**EXERCISE GOAL**
Return the run of lines below that opens with the line containing "#51=ORIENTED_EDGE('',*,*,#50,.F.);" and closes with the line containing "#57=ORIENTED_EDGE('',*,*,#56,.T.);", keeping each one exact.

**DATA SHOWN**
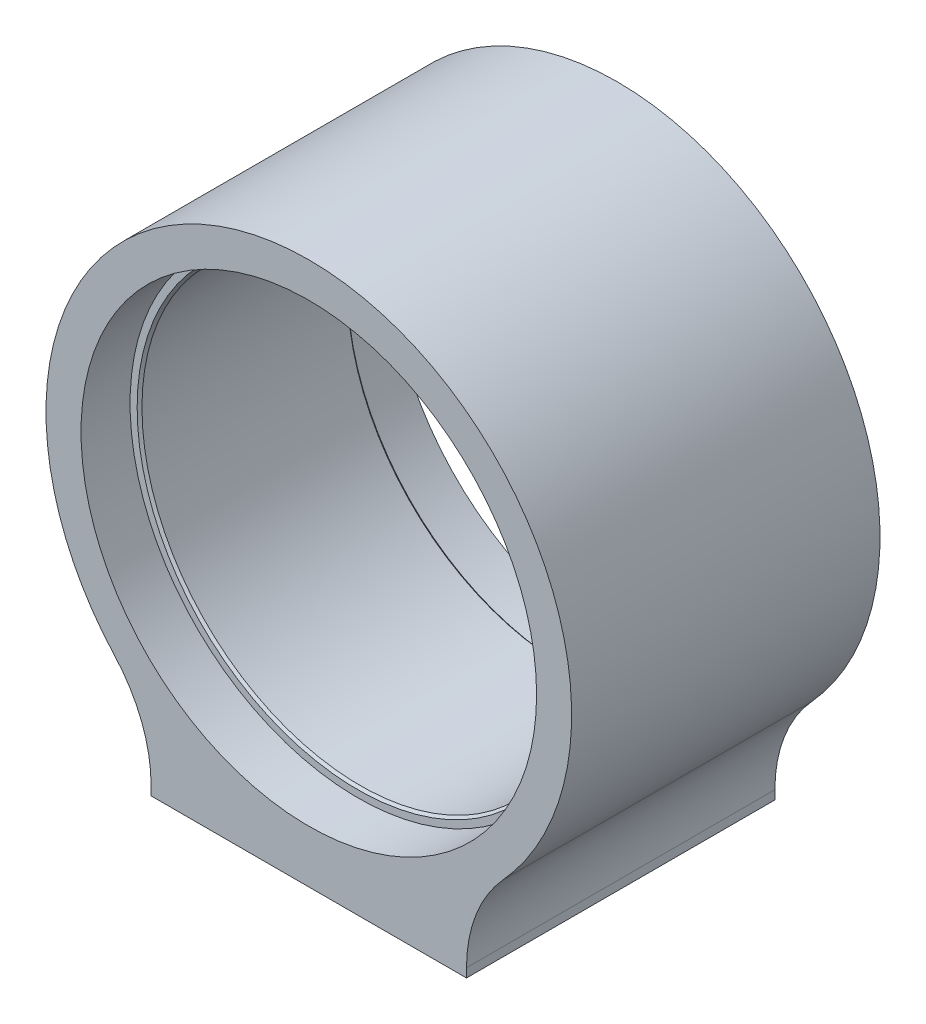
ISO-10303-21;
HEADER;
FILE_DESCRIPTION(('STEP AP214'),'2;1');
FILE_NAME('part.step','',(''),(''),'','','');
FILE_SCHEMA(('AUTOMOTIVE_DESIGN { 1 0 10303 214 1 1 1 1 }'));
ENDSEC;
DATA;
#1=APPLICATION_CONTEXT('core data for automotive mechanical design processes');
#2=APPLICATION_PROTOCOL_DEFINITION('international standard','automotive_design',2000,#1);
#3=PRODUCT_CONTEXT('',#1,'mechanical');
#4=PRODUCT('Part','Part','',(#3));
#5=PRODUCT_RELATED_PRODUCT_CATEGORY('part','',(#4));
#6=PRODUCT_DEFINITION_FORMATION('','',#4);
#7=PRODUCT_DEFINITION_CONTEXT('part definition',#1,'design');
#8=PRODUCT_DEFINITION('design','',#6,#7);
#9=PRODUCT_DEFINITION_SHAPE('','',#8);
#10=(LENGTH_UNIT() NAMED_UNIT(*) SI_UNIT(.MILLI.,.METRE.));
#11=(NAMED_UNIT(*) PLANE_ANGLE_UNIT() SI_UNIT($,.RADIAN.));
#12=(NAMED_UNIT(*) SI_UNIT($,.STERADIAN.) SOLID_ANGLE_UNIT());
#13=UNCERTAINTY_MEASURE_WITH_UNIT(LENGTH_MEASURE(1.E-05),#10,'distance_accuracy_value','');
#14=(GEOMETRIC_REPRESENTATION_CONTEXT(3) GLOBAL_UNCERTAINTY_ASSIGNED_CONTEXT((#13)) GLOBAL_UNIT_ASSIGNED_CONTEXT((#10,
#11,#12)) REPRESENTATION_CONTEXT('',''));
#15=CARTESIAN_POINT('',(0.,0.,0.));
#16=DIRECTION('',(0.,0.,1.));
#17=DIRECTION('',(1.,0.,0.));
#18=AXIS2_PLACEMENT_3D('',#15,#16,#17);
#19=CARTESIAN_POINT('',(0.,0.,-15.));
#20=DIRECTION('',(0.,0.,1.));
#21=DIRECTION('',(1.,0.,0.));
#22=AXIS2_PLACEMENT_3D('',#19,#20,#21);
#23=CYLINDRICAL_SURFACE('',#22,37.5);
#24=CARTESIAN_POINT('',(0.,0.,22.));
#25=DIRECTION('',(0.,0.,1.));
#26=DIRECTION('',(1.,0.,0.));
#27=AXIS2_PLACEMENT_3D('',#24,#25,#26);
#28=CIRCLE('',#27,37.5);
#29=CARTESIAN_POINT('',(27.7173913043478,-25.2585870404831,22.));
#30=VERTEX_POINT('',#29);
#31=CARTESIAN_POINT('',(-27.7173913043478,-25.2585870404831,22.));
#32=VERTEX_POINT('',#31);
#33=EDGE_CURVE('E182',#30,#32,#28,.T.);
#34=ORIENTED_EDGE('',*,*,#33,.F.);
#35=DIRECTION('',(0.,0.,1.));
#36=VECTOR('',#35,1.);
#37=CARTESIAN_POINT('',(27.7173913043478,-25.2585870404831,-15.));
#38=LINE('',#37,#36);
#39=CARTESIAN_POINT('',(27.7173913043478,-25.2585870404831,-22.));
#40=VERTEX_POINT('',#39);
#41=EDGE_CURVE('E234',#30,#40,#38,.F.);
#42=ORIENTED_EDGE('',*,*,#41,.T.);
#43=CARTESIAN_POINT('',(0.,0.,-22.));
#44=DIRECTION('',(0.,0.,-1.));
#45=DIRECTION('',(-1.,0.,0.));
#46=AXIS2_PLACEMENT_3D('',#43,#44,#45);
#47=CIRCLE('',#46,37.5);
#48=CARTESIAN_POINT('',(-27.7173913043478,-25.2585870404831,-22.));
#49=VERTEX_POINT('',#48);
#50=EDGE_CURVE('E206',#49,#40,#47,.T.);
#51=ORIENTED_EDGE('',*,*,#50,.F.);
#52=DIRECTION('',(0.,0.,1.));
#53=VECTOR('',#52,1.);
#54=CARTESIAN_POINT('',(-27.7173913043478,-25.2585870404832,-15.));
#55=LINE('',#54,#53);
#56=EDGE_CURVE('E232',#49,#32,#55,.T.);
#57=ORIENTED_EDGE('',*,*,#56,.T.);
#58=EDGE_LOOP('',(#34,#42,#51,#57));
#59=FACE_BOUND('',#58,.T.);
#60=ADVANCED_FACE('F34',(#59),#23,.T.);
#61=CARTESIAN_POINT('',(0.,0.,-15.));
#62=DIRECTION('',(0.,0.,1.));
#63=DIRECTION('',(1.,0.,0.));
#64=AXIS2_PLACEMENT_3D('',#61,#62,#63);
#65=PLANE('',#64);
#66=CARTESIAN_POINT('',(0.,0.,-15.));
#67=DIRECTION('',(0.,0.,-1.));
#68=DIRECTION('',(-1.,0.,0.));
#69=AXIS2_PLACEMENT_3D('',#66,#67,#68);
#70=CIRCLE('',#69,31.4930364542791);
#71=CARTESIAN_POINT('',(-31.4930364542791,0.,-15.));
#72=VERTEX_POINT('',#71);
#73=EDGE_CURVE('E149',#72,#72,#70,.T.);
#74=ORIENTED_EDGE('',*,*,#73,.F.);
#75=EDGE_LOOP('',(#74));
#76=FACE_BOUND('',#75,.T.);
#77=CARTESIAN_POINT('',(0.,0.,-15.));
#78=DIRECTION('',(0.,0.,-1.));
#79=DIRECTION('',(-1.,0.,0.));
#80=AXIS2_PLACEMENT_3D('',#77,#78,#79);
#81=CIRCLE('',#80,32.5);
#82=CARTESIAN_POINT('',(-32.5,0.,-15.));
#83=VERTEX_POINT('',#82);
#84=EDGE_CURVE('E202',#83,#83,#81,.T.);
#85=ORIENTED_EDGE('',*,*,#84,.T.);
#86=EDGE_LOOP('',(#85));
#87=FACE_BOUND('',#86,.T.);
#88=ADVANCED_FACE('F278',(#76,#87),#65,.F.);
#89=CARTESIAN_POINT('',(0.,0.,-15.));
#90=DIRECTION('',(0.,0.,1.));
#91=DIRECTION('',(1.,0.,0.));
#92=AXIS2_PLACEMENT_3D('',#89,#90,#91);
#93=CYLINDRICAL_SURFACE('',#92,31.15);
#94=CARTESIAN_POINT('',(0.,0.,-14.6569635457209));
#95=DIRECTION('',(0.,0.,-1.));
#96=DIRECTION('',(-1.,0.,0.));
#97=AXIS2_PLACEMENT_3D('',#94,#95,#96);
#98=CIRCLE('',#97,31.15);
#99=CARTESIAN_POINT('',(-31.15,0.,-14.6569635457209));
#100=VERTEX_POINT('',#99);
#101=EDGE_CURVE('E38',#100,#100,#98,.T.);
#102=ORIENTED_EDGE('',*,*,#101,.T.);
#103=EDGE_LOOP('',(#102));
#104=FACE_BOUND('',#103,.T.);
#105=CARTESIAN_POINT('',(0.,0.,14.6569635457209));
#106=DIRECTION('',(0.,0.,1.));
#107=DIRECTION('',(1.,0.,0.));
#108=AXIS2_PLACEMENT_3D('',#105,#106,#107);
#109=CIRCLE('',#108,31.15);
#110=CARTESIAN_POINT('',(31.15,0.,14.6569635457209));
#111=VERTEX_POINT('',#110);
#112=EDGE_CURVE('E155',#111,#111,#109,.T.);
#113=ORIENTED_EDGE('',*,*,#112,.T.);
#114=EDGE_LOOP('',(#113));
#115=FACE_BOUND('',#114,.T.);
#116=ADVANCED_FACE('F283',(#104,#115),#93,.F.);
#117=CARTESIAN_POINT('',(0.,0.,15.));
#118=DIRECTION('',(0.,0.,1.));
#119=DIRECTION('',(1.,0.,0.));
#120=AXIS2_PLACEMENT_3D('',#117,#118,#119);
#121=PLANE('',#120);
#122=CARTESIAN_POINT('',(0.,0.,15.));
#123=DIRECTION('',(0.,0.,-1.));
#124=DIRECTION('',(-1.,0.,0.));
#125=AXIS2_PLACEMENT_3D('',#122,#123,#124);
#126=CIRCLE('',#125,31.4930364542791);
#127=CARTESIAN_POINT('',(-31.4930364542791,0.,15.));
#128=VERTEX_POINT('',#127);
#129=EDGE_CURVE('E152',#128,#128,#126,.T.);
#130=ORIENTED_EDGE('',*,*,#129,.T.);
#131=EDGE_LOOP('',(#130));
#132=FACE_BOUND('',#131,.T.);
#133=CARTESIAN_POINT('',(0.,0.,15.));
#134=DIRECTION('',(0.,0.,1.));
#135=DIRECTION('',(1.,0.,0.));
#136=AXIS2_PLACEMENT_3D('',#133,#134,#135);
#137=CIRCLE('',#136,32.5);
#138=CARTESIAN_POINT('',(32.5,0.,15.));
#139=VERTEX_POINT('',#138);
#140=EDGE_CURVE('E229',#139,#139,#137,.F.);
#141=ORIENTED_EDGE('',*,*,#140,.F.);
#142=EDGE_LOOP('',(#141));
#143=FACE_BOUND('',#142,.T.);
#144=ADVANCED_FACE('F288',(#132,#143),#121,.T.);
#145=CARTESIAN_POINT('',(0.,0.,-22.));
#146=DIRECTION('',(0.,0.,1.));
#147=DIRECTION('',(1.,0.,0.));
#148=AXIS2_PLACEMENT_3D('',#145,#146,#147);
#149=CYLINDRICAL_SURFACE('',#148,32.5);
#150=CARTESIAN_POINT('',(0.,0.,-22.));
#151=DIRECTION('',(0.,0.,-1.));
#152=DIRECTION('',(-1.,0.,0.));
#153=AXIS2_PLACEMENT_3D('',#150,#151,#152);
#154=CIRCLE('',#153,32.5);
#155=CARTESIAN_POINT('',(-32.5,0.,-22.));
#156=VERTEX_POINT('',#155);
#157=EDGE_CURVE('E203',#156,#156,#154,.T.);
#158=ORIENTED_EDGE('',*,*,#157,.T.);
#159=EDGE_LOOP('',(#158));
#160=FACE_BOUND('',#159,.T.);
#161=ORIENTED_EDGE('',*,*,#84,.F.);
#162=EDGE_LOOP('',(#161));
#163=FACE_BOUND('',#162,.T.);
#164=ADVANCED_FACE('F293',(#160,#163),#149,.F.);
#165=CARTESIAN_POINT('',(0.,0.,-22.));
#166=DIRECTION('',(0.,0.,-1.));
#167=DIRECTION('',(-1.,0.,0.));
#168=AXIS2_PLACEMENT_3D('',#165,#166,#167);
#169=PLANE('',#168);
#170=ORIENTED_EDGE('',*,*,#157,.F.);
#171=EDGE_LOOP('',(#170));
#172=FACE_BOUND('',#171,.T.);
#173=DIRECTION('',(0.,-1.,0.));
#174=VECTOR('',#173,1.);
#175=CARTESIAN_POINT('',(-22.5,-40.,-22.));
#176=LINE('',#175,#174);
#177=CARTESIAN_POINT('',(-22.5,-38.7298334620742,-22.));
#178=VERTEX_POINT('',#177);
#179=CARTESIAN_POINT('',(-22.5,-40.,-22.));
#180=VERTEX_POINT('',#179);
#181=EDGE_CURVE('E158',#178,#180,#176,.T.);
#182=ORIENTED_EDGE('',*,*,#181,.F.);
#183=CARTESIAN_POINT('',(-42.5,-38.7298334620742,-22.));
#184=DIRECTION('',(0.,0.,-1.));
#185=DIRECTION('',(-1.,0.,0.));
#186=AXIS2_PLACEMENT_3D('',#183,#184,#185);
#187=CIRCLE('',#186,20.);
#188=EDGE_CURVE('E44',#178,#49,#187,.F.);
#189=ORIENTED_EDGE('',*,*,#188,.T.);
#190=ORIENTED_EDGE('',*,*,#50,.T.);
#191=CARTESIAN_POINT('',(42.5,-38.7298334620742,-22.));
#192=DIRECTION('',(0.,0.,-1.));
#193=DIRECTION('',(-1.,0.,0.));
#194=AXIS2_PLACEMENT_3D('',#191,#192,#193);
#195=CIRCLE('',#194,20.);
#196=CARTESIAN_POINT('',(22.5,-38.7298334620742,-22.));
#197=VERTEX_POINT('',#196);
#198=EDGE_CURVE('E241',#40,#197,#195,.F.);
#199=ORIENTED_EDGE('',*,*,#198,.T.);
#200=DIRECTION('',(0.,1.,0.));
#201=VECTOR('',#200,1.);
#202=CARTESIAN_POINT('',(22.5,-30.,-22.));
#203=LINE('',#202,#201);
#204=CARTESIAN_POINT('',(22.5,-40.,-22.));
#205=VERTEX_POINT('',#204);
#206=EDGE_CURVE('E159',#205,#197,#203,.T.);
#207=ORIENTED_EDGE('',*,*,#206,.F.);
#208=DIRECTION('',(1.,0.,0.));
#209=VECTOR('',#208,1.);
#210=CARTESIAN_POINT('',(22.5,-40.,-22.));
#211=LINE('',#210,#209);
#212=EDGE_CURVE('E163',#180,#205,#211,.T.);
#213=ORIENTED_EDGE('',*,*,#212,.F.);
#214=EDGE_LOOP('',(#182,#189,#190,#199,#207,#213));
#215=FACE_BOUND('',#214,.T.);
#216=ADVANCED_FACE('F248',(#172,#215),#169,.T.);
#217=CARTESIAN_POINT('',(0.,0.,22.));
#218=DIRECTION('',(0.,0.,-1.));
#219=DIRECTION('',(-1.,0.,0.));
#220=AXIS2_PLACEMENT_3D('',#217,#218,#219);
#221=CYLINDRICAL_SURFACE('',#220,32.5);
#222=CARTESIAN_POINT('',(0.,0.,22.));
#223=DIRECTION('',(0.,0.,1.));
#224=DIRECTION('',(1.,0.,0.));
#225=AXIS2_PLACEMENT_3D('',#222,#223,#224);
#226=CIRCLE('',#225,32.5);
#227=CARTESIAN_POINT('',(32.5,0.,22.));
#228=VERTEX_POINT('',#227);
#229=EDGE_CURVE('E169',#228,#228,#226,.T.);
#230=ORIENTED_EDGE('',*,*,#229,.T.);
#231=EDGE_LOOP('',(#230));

**SOLUTION**
#51=ORIENTED_EDGE('',*,*,#50,.F.);
#52=DIRECTION('',(0.,0.,1.));
#53=VECTOR('',#52,1.);
#54=CARTESIAN_POINT('',(-27.7173913043478,-25.2585870404832,-15.));
#55=LINE('',#54,#53);
#56=EDGE_CURVE('E232',#49,#32,#55,.T.);
#57=ORIENTED_EDGE('',*,*,#56,.T.);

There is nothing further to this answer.